- **TASK DETAILS**:
Produce a verbatim copy of the records, and keep the images out of it.

- **THE RECORDS**:
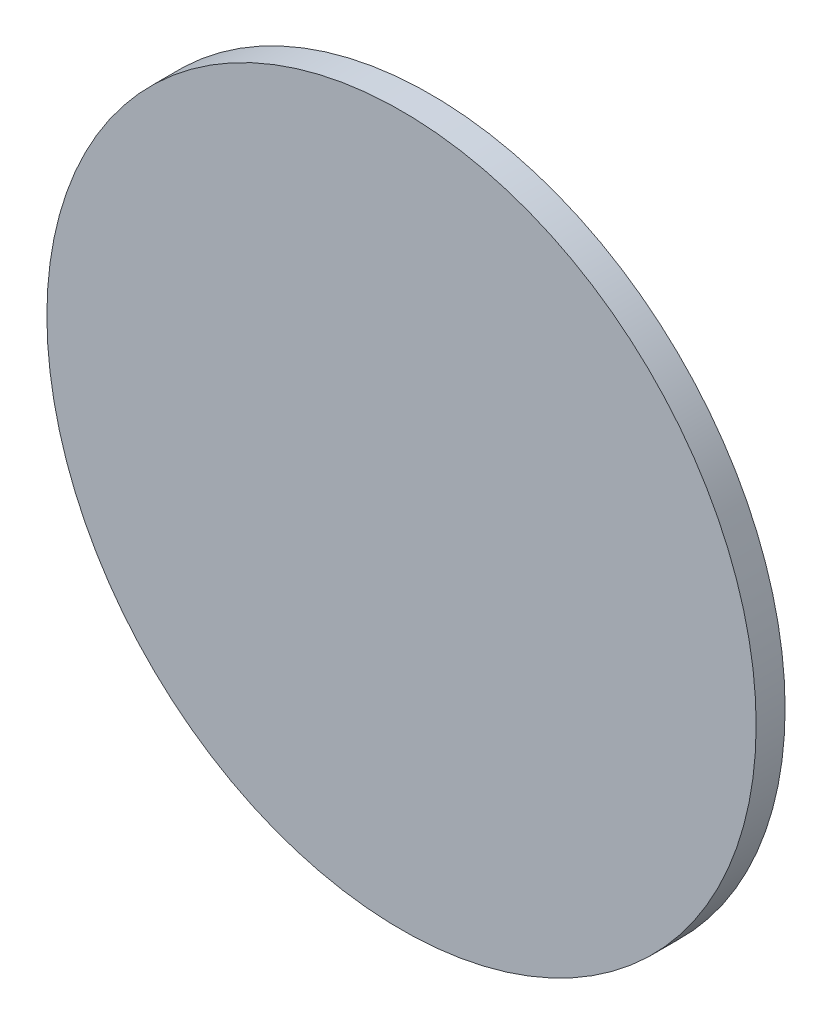
SolidWorks part; units mm, degrees
ref_plane "Front Plane" through (0, 0, 0) normal (0, 0, 1) x (1, 0, 0)
ref_plane "Top Plane" through (0, 0, 0) normal (0, 1, 0) x (1, 0, 0)
ref_plane "Right Plane" through (0, 0, 0) normal (1, 0, 0) x (0, 0, -1)
sketch "Sketch1" plane through (0, 0, 0) normal (0, 0, 1) x (1, 0, 0)
  circle A0 centre (0, 0) radius 122.5
  dimension "D1" = 245
extrude "Boss-Extrude1" add sketch "Sketch1" along normal blind 10

- **REPLY**:
SolidWorks part; units mm, degrees
ref_plane "Front Plane" through (0, 0, 0) normal (0, 0, 1) x (1, 0, 0)
ref_plane "Top Plane" through (0, 0, 0) normal (0, 1, 0) x (1, 0, 0)
ref_plane "Right Plane" through (0, 0, 0) normal (1, 0, 0) x (0, 0, -1)
sketch "Sketch1" plane through (0, 0, 0) normal (0, 0, 1) x (1, 0, 0)
  circle A0 centre (0, 0) radius 122.5
  dimension "D1" = 245
extrude "Boss-Extrude1" add sketch "Sketch1" along normal blind 10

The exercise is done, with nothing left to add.